An acknowledgment is more appropriate if structure determination was used only to confirm information obtained by other means (NMR, MS, etc.) and no structural details will be given in the paper. For example, "We thank Dr. Shao-Liang Zheng for his help with the X-ray data collection and structure determination."

For the powder or thin-film diffraction data collected on D8 DISCOVER with DAVINCI Design, you need only write: Authors are grateful for the assistance of Dr. Shao-Liang Zheng with the X-ray analysis.

 

Education and Outreach

We welcome students from all levels—high school, undergraduate, graduate and post-graduate—to our X-ray core. Visitors learn about crystallography and X-ray diffraction instrumentation through hands-on activities. To schedule your visit, please contact the core director, Shao-Liang Zheng.

Chemistry 255. Practical Crystallography in Chemistry and Materials Science

Thanks to great technical advances, crystal structure analysis has been playing an increasingly important role in the structure determination of complex solids.
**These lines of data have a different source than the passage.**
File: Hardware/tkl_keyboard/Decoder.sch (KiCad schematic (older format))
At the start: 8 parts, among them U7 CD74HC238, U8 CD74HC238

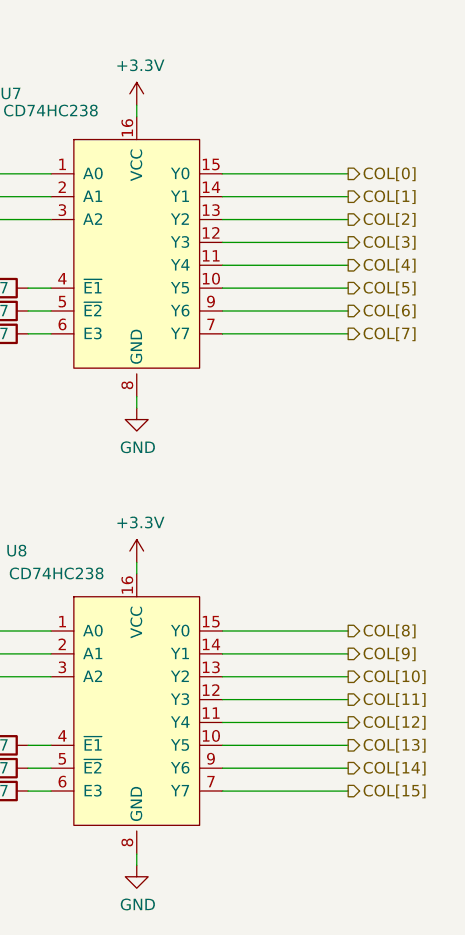
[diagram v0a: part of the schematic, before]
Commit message: LEDs and diodes routed
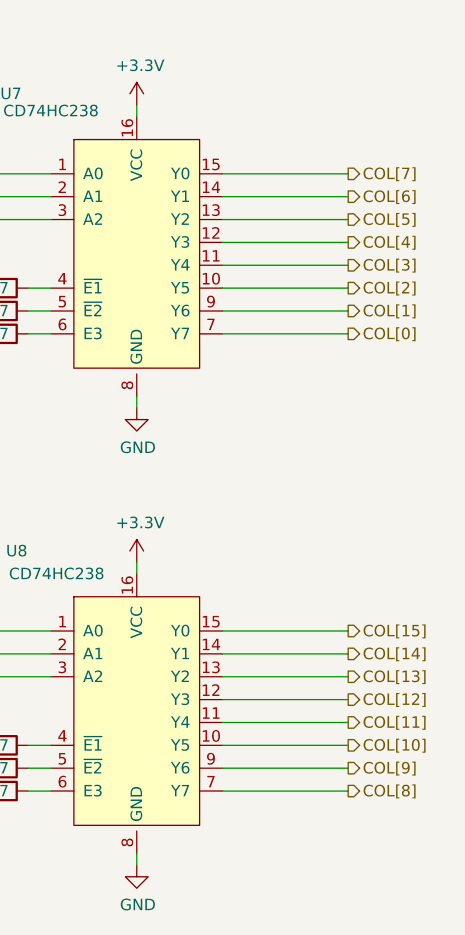
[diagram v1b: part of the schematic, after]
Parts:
- U7, U8: footprint (none) -> Package_SO:SOIC-16_3.9x9.9mm_P1.27mm
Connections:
- net COL[0]: now also U7.7 (Y7); no longer U7.15 (Y0)
- net COL[10]: now also U8.10 (Y5); no longer U8.13 (Y2)
- net COL[11]: now also U8.11 (Y4); no longer U8.12 (Y3)
- net COL[12]: now also U8.12 (Y3); no longer U8.11 (Y4)
- net COL[13]: now also U8.13 (Y2); no longer U8.10 (Y5)
- net COL[14]: now also U8.14 (Y1); no longer U8.9 (Y6)
- net COL[15]: now also U8.15 (Y0); no longer U8.7 (Y7)
- net COL[1]: now also U7.9 (Y6); no longer U7.14 (Y1)
- net COL[2]: now also U7.10 (Y5); no longer U7.13 (Y2)
- net COL[3]: now also U7.11 (Y4); no longer U7.12 (Y3)
- net COL[4]: now also U7.12 (Y3); no longer U7.11 (Y4)
- net COL[5]: now also U7.13 (Y2); no longer U7.10 (Y5)
- net COL[6]: now also U7.14 (Y1); no longer U7.9 (Y6)
- net COL[7]: now also U7.15 (Y0); no longer U7.7 (Y7)
- net COL[8]: now also U8.7 (Y7); no longer U8.15 (Y0)
- net COL[9]: now also U8.9 (Y6); no longer U8.14 (Y1)
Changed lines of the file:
@@
 F 0 "U7" H 5225 4700 50  0000 C CNN
 F 1 "CD74HC238" H 5400 4625 50  0000 C CNN
-F 2 "" H 5150 4600 50  0001 C CNN
+F 2 "Package_SO:SOIC-16_3.9x9.9mm_P1.27mm" H 5150 4600 50  0001 C CNN
 F 3 "" H 5150 4600 50  0001 C CNN
 	1    5775 3500
@@
 F 0 "U8" H 5250 6700 50  0000 C CNN
 F 1 "CD74HC238" H 5425 6600 50  0000 C CNN
-F 2 "" H 5150 6600 50  0001 C CNN
+F 2 "Package_SO:SOIC-16_3.9x9.9mm_P1.27mm" H 5150 6600 50  0001 C CNN
 F 3 "" H 5150 6600 50  0001 C CNN
 	1    5775 5500
@@
 Wire Wire Line
 	4850 4850 5400 4850
-Text HLabel 6700 2650 2    50   Output ~ 0
+Text HLabel 6700 3350 2    50   Output ~ 0
 COL[0]
 Wire Wire Line
-	6700 2650 6150 2650
-Text HLabel 6700 2750 2    50   Output ~ 0
+	6700 3350 6150 3350
+Text HLabel 6700 3250 2    50   Output ~ 0
 COL[1]
 Wire Wire Line
-	6700 2750 6150 2750
-Text HLabel 6700 2850 2    50   Output ~ 0
+	6700 3250 6150 3250
+Text HLabel 6700 3150 2    50   Output ~ 0
 COL[2]
 Wire Wire Line
-	6700 2850 6150 2850
-Text HLabel 6700 2950 2    50   Output ~ 0
+	6700 3150 6150 3150
+Text HLabel 6700 3050 2    50   Output ~ 0
 COL[3]
 Wire Wire Line
-	6700 2950 6150 2950
-Text HLabel 6700 3050 2    50   Output ~ 0
+	6700 3050 6150 3050
+Text HLabel 6700 2950 2    50   Output ~ 0
 COL[4]
 Wire Wire Line
-	6700 3050 6150 3050
-Text HLabel 6700 3150 2    50   Output ~ 0
+	6700 2950 6150 2950
+Text HLabel 6700 2850 2    50   Output ~ 0
 COL[5]
 Wire Wire Line
-	6700 3150 6150 3150
+	6700 2850 6150 2850
 Wire Wire Line
-	6700 3250 6150 3250
-Text HLabel 6700 3350 2    50   Output ~ 0
+	6700 2750 6150 2750
+Text HLabel 6700 2650 2    50   Output ~ 0
 COL[7]
 Wire Wire Line
-	6700 3350 6150 3350
-Text HLabel 6700 4650 2    50   Output ~ 0
+	6700 2650 6150 2650
+Text HLabel 6700 5350 2    50   Output ~ 0
 COL[8]
 Wire Wire Line
-	6700 4650 6150 4650
-Text HLabel 6700 4750 2    50   Output ~ 0
+	6700 5350 6150 5350
+Text HLabel 6700 5250 2    50   Output ~ 0
 COL[9]
 Wire Wire Line
-	6700 4750 6150 4750
-Text HLabel 6700 4850 2    50   Output ~ 0
+	6700 5250 6150 5250
+Text HLabel 6700 5150 2    50   Output ~ 0
 COL[10]
 Wire Wire Line
-	6700 4850 6150 4850
-Text HLabel 6700 4950 2    50   Output ~ 0
+	6700 5150 6150 5150
+Text HLabel 6700 5050 2    50   Output ~ 0
 COL[11]
 Wire Wire Line
-	6700 4950 6150 4950
-Text HLabel 6700 5050 2    50   Output ~ 0
+	6700 5050 6150 5050
+Text HLabel 6700 4950 2    50   Output ~ 0
 COL[12]
 Wire Wire Line
-	6700 5050 6150 5050
-Text HLabel 6700 5150 2    50   Output ~ 0
+	6700 4950 6150 4950
+Text HLabel 6700 4850 2    50   Output ~ 0
 COL[13]
 Wire Wire Line
-	6700 5150 6150 5150
-Text HLabel 6700 5250 2    50   Output ~ 0
+	6700 4850 6150 4850
+Text HLabel 6700 4750 2    50   Output ~ 0
 COL[14]
 Wire Wire Line
-	6700 5250 6150 5250
-Text HLabel 6700 5350 2    50   Output ~ 0
+	6700 4750 6150 4750
+Text HLabel 6700 4650 2    50   Output ~ 0
 COL[15]
 Wire Wire Line
-	6700 5350 6150 5350
-Text HLabel 6700 3250 2    50   Output ~ 0
+	6700 4650 6150 4650
+Text HLabel 6700 2750 2    50   Output ~ 0
 COL[6]
 $Comp

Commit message: Switch matrix routed
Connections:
- net COL[0]: now also U7.15 (Y0); no longer U7.7 (Y7)
- net COL[10]: now also U8.13 (Y2); no longer U8.10 (Y5)
- net COL[11]: now also U8.12 (Y3); no longer U8.11 (Y4)
- net COL[12]: now also U8.11 (Y4); no longer U8.12 (Y3)
- net COL[13]: now also U8.10 (Y5); no longer U8.13 (Y2)
- net COL[14]: now also U8.9 (Y6); no longer U8.14 (Y1)
- net COL[15]: now also U8.7 (Y7); no longer U8.15 (Y0)
- net COL[1]: now also U7.14 (Y1); no longer U7.9 (Y6)
- net COL[2]: now also U7.13 (Y2); no longer U7.10 (Y5)
- net COL[3]: now also U7.12 (Y3); no longer U7.11 (Y4)
- net COL[4]: now also U7.11 (Y4); no longer U7.12 (Y3)
- net COL[5]: now also U7.10 (Y5); no longer U7.13 (Y2)
- net COL[6]: now also U7.9 (Y6); no longer U7.14 (Y1)
- net COL[7]: now also U7.7 (Y7); no longer U7.15 (Y0)
- net COL[8]: now also U8.15 (Y0); no longer U8.7 (Y7)
- net COL[9]: now also U8.14 (Y1); no longer U8.9 (Y6)
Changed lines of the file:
@@
 Wire Wire Line
 	4850 4850 5400 4850
-Text HLabel 6700 3350 2    50   Output ~ 0
+Text HLabel 6700 2650 2    50   Output ~ 0
 COL[0]
 Wire Wire Line
-	6700 3350 6150 3350
-Text HLabel 6700 3250 2    50   Output ~ 0
+	6700 2650 6150 2650
+Text HLabel 6700 2750 2    50   Output ~ 0
 COL[1]
 Wire Wire Line
-	6700 3250 6150 3250
-Text HLabel 6700 3150 2    50   Output ~ 0
+	6700 2750 6150 2750
+Text HLabel 6700 2850 2    50   Output ~ 0
 COL[2]
 Wire Wire Line
-	6700 3150 6150 3150
-Text HLabel 6700 3050 2    50   Output ~ 0
+	6700 2850 6150 2850
+Text HLabel 6700 2950 2    50   Output ~ 0
 COL[3]
 Wire Wire Line
-	6700 3050 6150 3050
-Text HLabel 6700 2950 2    50   Output ~ 0
+	6700 2950 6150 2950
+Text HLabel 6700 3050 2    50   Output ~ 0
 COL[4]
 Wire Wire Line
-	6700 2950 6150 2950
-Text HLabel 6700 2850 2    50   Output ~ 0
+	6700 3050 6150 3050
+Text HLabel 6700 3150 2    50   Output ~ 0
 COL[5]
 Wire Wire Line
-	6700 2850 6150 2850
+	6700 3150 6150 3150
 Wire Wire Line
-	6700 2750 6150 2750
-Text HLabel 6700 2650 2    50   Output ~ 0
+	6700 3250 6150 3250
+Text HLabel 6700 3350 2    50   Output ~ 0
 COL[7]
 Wire Wire Line
-	6700 2650 6150 2650
-Text HLabel 6700 5350 2    50   Output ~ 0
+	6700 3350 6150 3350
+Text HLabel 6700 4650 2    50   Output ~ 0
 COL[8]
 Wire Wire Line
-	6700 5350 6150 5350
-Text HLabel 6700 5250 2    50   Output ~ 0
+	6700 4650 6150 4650
+Text HLabel 6700 4750 2    50   Output ~ 0
 COL[9]
 Wire Wire Line
-	6700 5250 6150 5250
-Text HLabel 6700 5150 2    50   Output ~ 0
+	6700 4750 6150 4750
+Text HLabel 6700 4850 2    50   Output ~ 0
 COL[10]
 Wire Wire Line
-	6700 5150 6150 5150
-Text HLabel 6700 5050 2    50   Output ~ 0
+	6700 4850 6150 4850
+Text HLabel 6700 4950 2    50   Output ~ 0
 COL[11]
 Wire Wire Line
-	6700 5050 6150 5050
-Text HLabel 6700 4950 2    50   Output ~ 0
+	6700 4950 6150 4950
+Text HLabel 6700 5050 2    50   Output ~ 0
 COL[12]
 Wire Wire Line
-	6700 4950 6150 4950
-Text HLabel 6700 4850 2    50   Output ~ 0
+	6700 5050 6150 5050
+Text HLabel 6700 5150 2    50   Output ~ 0
 COL[13]
 Wire Wire Line
-	6700 4850 6150 4850
-Text HLabel 6700 4750 2    50   Output ~ 0
+	6700 5150 6150 5150
+Text HLabel 6700 5250 2    50   Output ~ 0
 COL[14]
 Wire Wire Line
-	6700 4750 6150 4750
-Text HLabel 6700 4650 2    50   Output ~ 0
+	6700 5250 6150 5250
+Text HLabel 6700 5350 2    50   Output ~ 0
 COL[15]
 Wire Wire Line
-	6700 4650 6150 4650
-Text HLabel 6700 2750 2    50   Output ~ 0
+	6700 5350 6150 5350
+Text HLabel 6700 3250 2    50   Output ~ 0
 COL[6]
 $Comp

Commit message: Updating schematic
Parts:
- R24, R25, R26, R27, R28, R29: value 4K7 -> 10K
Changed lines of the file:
@@
 $Descr A4 11693 8268
 encoding utf-8
-Sheet 6 11
+Sheet 6 12
 Title ""
 Date ""
@@
 AR Path="/6301FD9D/631288D4" Ref="R24"  Part="1"
 F 0 "R24" V 5150 2750 50  0000 C CNN
-F 1 "4K7" V 5150 3150 50  0000 C CNN
+F 1 "10K" V 5150 3150 50  0000 C CNN
 F 2 "resistor_smd:R_0603_1608Metric" V 5080 3150 50  0001 C CNN
 F 3 "~" H 5150 3150 50  0001 C CNN
@@
 AR Path="/6301FD9D/63128CD2" Ref="R25"  Part="1"
 F 0 "R25" V 5150 2850 50  0000 C CNN
-F 1 "4K7" V 5150 3250 50  0000 C CNN
+F 1 "10K" V 5150 3250 50  0000 C CNN
 F 2 "resistor_smd:R_0603_1608Metric" V 5080 3250 50  0001 C CNN
 F 3 "~" H 5150 3250 50  0001 C CNN
@@
 AR Path="/6301FD9D/63129160" Ref="R26"  Part="1"
 F 0 "R26" V 5150 2950 50  0000 C CNN
-F 1 "4K7" V 5150 3350 50  0000 C CNN
+F 1 "10K" V 5150 3350 50  0000 C CNN
 F 2 "resistor_smd:R_0603_1608Metric" V 5080 3350 50  0001 C CNN
 F 3 "~" H 5150 3350 50  0001 C CNN
@@
 AR Path="/6301FD9D/63130BA6" Ref="R27"  Part="1"
 F 0 "R27" V 5150 4750 50  0000 C CNN
-F 1 "4K7" V 5150 5150 50  0000 C CNN
+F 1 "10K" V 5150 5150 50  0000 C CNN
 F 2 "resistor_smd:R_0603_1608Metric" V 5080 5150 50  0001 C CNN
 F 3 "~" H 5150 5150 50  0001 C CNN
@@
 AR Path="/6301FD9D/63130BAC" Ref="R28"  Part="1"
 F 0 "R28" V 5150 4850 50  0000 C CNN
-F 1 "4K7" V 5150 5250 50  0000 C CNN
+F 1 "10K" V 5150 5250 50  0000 C CNN
 F 2 "resistor_smd:R_0603_1608Metric" V 5080 5250 50  0001 C CNN
 F 3 "~" H 5150 5250 50  0001 C CNN
@@
 AR Path="/6301FD9D/63130BB2" Ref="R29"  Part="1"
 F 0 "R29" V 5150 4950 50  0000 C CNN
-F 1 "4K7" V 5150 5350 50  0000 C CNN
+F 1 "10K" V 5150 5350 50  0000 C CNN
 F 2 "resistor_smd:R_0603_1608Metric" V 5080 5350 50  0001 C CNN
 F 3 "~" H 5150 5350 50  0001 C CNN

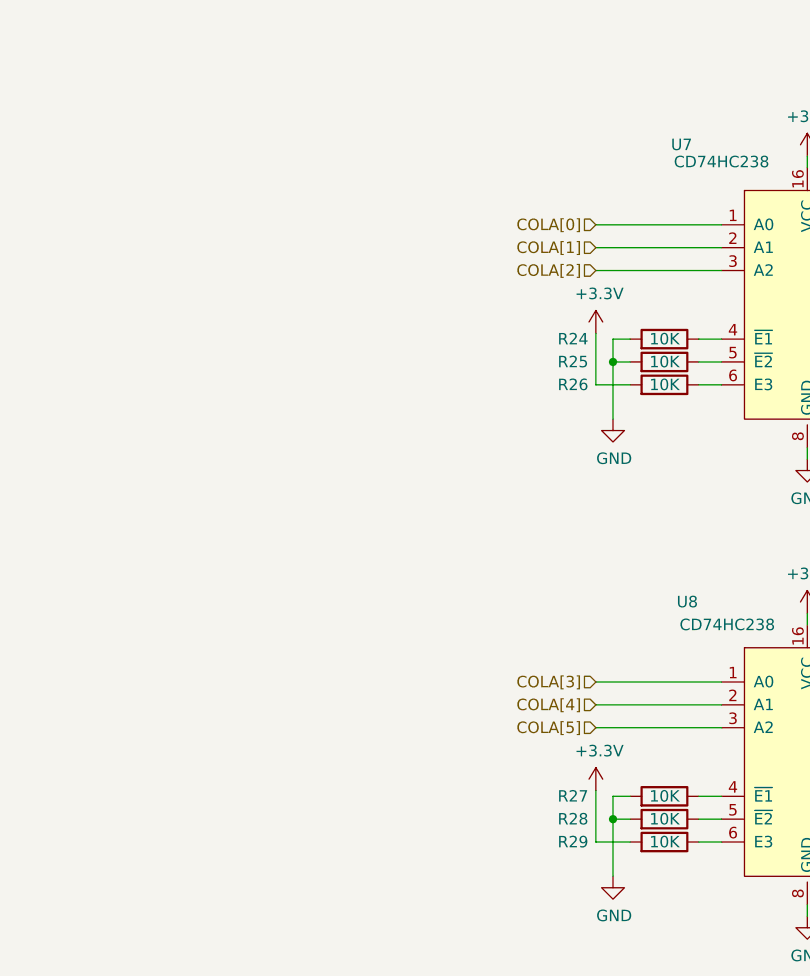
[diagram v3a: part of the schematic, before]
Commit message: Added some missing capacitors, Fixed DC jack footprint connections
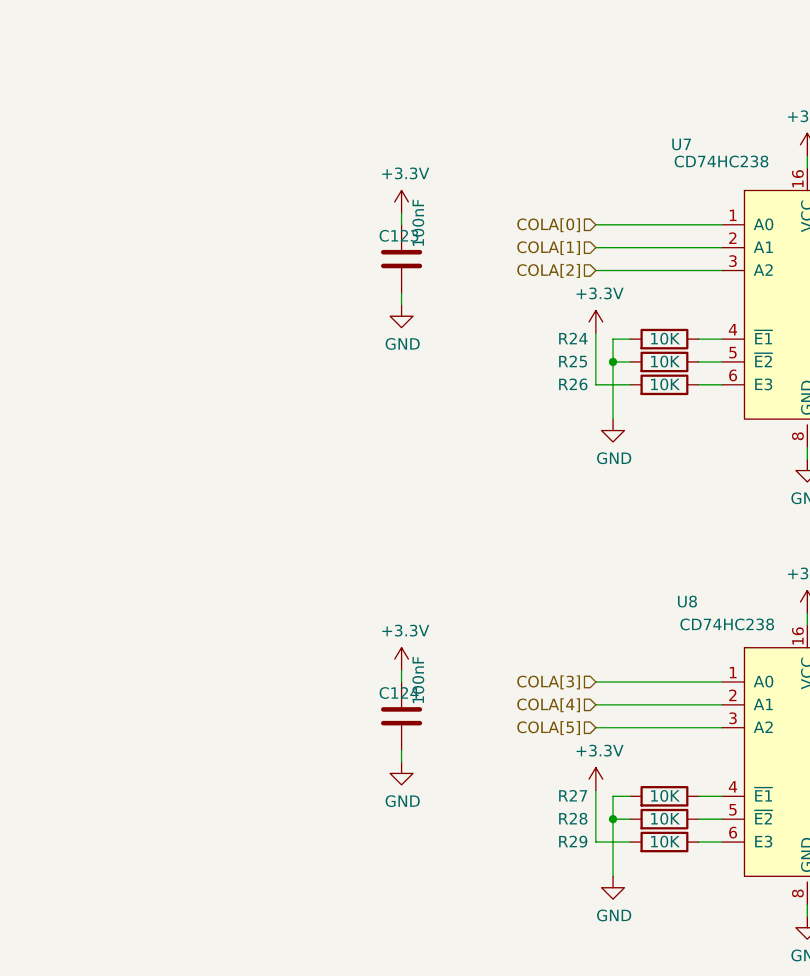
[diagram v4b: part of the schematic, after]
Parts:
- added C123, C124: 100nF, Capacitor_smd:C_0603_1608Metric, symbol Device:C
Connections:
- net +3V3: now also C123.1, C124.1
- net GND: now also C123.2, C124.2
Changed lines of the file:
@@
 Wire Wire Line
 	4850 5350 5000 5350
+Wire Wire Line
+	4000 2650 4000 2600
+Wire Wire Line
+	4000 2950 4000 3000
+$Comp
+L power:GND #PWR?
+U 1 1 616D26BD
+P 4000 3000
+AR Path="/616D26BD" Ref="#PWR?"  Part="1"
+AR Path="/60D44BDB/616D26BD" Ref="#PWR?"  Part="1"
+AR Path="/60D99CF5/616D26BD" Ref="#PWR?"  Part="1"
+AR Path="/60D44364/616D26BD" Ref="#PWR?"  Part="1"
+AR Path="/61150193/616D26BD" Ref="#PWR?"  Part="1"
+AR Path="/61D5AB4C/616D26BD" Ref="#PWR?"  Part="1"
+AR Path="/61234213/616D26BD" Ref="#PWR?"  Part="1"
+AR Path="/62FB59AD/616D26BD" Ref="#PWR?"  Part="1"
+AR Path="/6301FD9D/616D26BD" Ref="#PWR0523"  Part="1"
+F 0 "#PWR0523" H 4000 2750 50  0001 C CNN
+F 1 "GND" H 4005 2827 50  0000 C CNN
+F 2 "" H 4000 3000 50  0001 C CNN
+F 3 "" H 4000 3000 50  0001 C CNN
+	1    4000 3000
+	1    0    0    -1
+$EndComp
+$Comp
+L Device:C C?
+U 1 1 616D26C3
+P 4000 2800
+AR Path="/616D26C3" Ref="C?"  Part="1"
+AR Path="/60D44BDB/616D26C3" Ref="C?"  Part="1"
+AR Path="/60D99CF5/616D26C3" Ref="C?"  Part="1"
+AR Path="/60D44364/616D26C3" Ref="C?"  Part="1"
+AR Path="/61150193/616D26C3" Ref="C?"  Part="1"
+AR Path="/61D5AB4C/616D26C3" Ref="C?"  Part="1"
+AR Path="/61234213/616D26C3" Ref="C?"  Part="1"
+AR Path="/62FB59AD/616D26C3" Ref="C?"  Part="1"
+AR Path="/6301FD9D/616D26C3" Ref="C123"  Part="1"
+F 0 "C123" H 3900 2900 50  0000 L CNN
+F 1 "100nF" V 4075 2850 50  0000 L CNN
+F 2 "Capacitor_smd:C_0603_1608Metric" H 4038 2650 50  0001 C CNN
+F 3 "~" H 4000 2800 50  0001 C CNN
+	1    4000 2800
+	1    0    0    -1
+$EndComp
+$Comp
+L power:+3.3V #PWR?
+U 1 1 616D3E4D
+P 4000 2600
+AR Path="/616D3E4D" Ref="#PWR?"  Part="1"
+AR Path="/60D44BDB/616D3E4D" Ref="#PWR?"  Part="1"
+AR Path="/60D99CF5/616D3E4D" Ref="#PWR?"  Part="1"
+AR Path="/6114D32E/616D3E4D" Ref="#PWR?"  Part="1"
+AR Path="/6247A5CE/616D3E4D" Ref="#PWR?"  Part="1"
+AR Path="/612340DE/616D3E4D" Ref="#PWR?"  Part="1"
+AR Path="/62F6B81F/616D3E4D" Ref="#PWR?"  Part="1"
+AR Path="/6301FD9D/616D3E4D" Ref="#PWR0531"  Part="1"
+F 0 "#PWR0531" H 4000 2450 50  0001 C CNN
+F 1 "+3.3V" H 4015 2773 50  0000 C CNN
+F 2 "" H 4000 2600 50  0001 C CNN
+F 3 "" H 4000 2600 50  0001 C CNN
+	1    4000 2600
+	1    0    0    -1
+$EndComp
+Wire Wire Line
+	4000 4950 4000 5000
+$Comp
+L power:GND #PWR?
+U 1 1 616D9D88
+P 4000 5000
+AR Path="/616D9D88" Ref="#PWR?"  Part="1"
+AR Path="/60D44BDB/616D9D88" Ref="#PWR?"  Part="1"
+AR Path="/60D99CF5/616D9D88" Ref="#PWR?"  Part="1"
+AR Path="/60D44364/616D9D88" Ref="#PWR?"  Part="1"
+AR Path="/61150193/616D9D88" Ref="#PWR?"  Part="1"
+AR Path="/61D5AB4C/616D9D88" Ref="#PWR?"  Part="1"
+AR Path="/61234213/616D9D88" Ref="#PWR?"  Part="1"
+AR Path="/62FB59AD/616D9D88" Ref="#PWR?"  Part="1"
+AR Path="/6301FD9D/616D9D88" Ref="#PWR0532"  Part="1"
+F 0 "#PWR0532" H 4000 4750 50  0001 C CNN
+F 1 "GND" H 4005 4827 50  0000 C CNN
+F 2 "" H 4000 5000 50  0001 C CNN
+F 3 "" H 4000 5000 50  0001 C CNN
+	1    4000 5000
+	1    0    0    -1
+$EndComp
+$Comp
+L Device:C C?
+U 1 1 616D9D8E
+P 4000 4800
+AR Path="/616D9D8E" Ref="C?"  Part="1"
+AR Path="/60D44BDB/616D9D8E" Ref="C?"  Part="1"
+AR Path="/60D99CF5/616D9D8E" Ref="C?"  Part="1"
+AR Path="/60D44364/616D9D8E" Ref="C?"  Part="1"
+AR Path="/61150193/616D9D8E" Ref="C?"  Part="1"
+AR Path="/61D5AB4C/616D9D8E" Ref="C?"  Part="1"
+AR Path="/61234213/616D9D8E" Ref="C?"  Part="1"
+AR Path="/62FB59AD/616D9D8E" Ref="C?"  Part="1"
+AR Path="/6301FD9D/616D9D8E" Ref="C124"  Part="1"
+F 0 "C124" H 3900 4900 50  0000 L CNN
+F 1 "100nF" V 4075 4850 50  0000 L CNN
+F 2 "Capacitor_smd:C_0603_1608Metric" H 4038 4650 50  0001 C CNN
+F 3 "~" H 4000 4800 50  0001 C CNN
+	1    4000 4800
+	1    0    0    -1
+$EndComp
+Wire Wire Line
+	4000 4650 4000 4600
+$Comp
+L power:+3.3V #PWR?
+U 1 1 616DBFA1
+P 4000 4600
+AR Path="/616DBFA1" Ref="#PWR?"  Part="1"
+AR Path="/60D44BDB/616DBFA1" Ref="#PWR?"  Part="1"
+AR Path="/60D99CF5/616DBFA1" Ref="#PWR?"  Part="1"
+AR Path="/6114D32E/616DBFA1" Ref="#PWR?"  Part="1"
+AR Path="/6247A5CE/616DBFA1" Ref="#PWR?"  Part="1"
+AR Path="/612340DE/616DBFA1" Ref="#PWR?"  Part="1"
+AR Path="/62F6B81F/616DBFA1" Ref="#PWR?"  Part="1"
+AR Path="/6301FD9D/616DBFA1" Ref="#PWR0533"  Part="1"
+F 0 "#PWR0533" H 4000 4450 50  0001 C CNN
+F 1 "+3.3V" H 4015 4773 50  0000 C CNN
+F 2 "" H 4000 4600 50  0001 C CNN
+F 3 "" H 4000 4600 50  0001 C CNN
+	1    4000 4600
+	1    0    0    -1
+$EndComp
 $EndSCHEMATC

This course involves the basic principles of crystallography and covers advanced aspects of practical small-molecule crystal structure refinement. Topics include crystal symmetry, space groups, the geometry of diffraction, structure factors, and problematic structure refinement. Students will gain a working knowledge of X-ray crystallographic techniques, including how to: grow quality crystals, collect data, reduce data, determine a structure, visualize a structure, utilize structural databases, and publish crystallographic results.

Course-related Video

Related Publications

 

Other Resources

Cambridge Structural Database (CSD)
The CSD contains bibliographic, 2D chemical and 3D structural results for organic and metal-organic compounds studied by X-ray or neutron diffraction. Any Harvard campus user can access the database from WebCSD, or install CSD software suites locally by contacting Tina Helt, the Librarian for Chemical Sciences for assessing detail

Powder Diffraction FileTM (PDF)
The PDF-2 can be accessed on the computers in X-ray center. PDF-2 is a collaborative product between ICDD, FIZ Kalsruhe, and NIST, and contains 250,182 unique material data sets.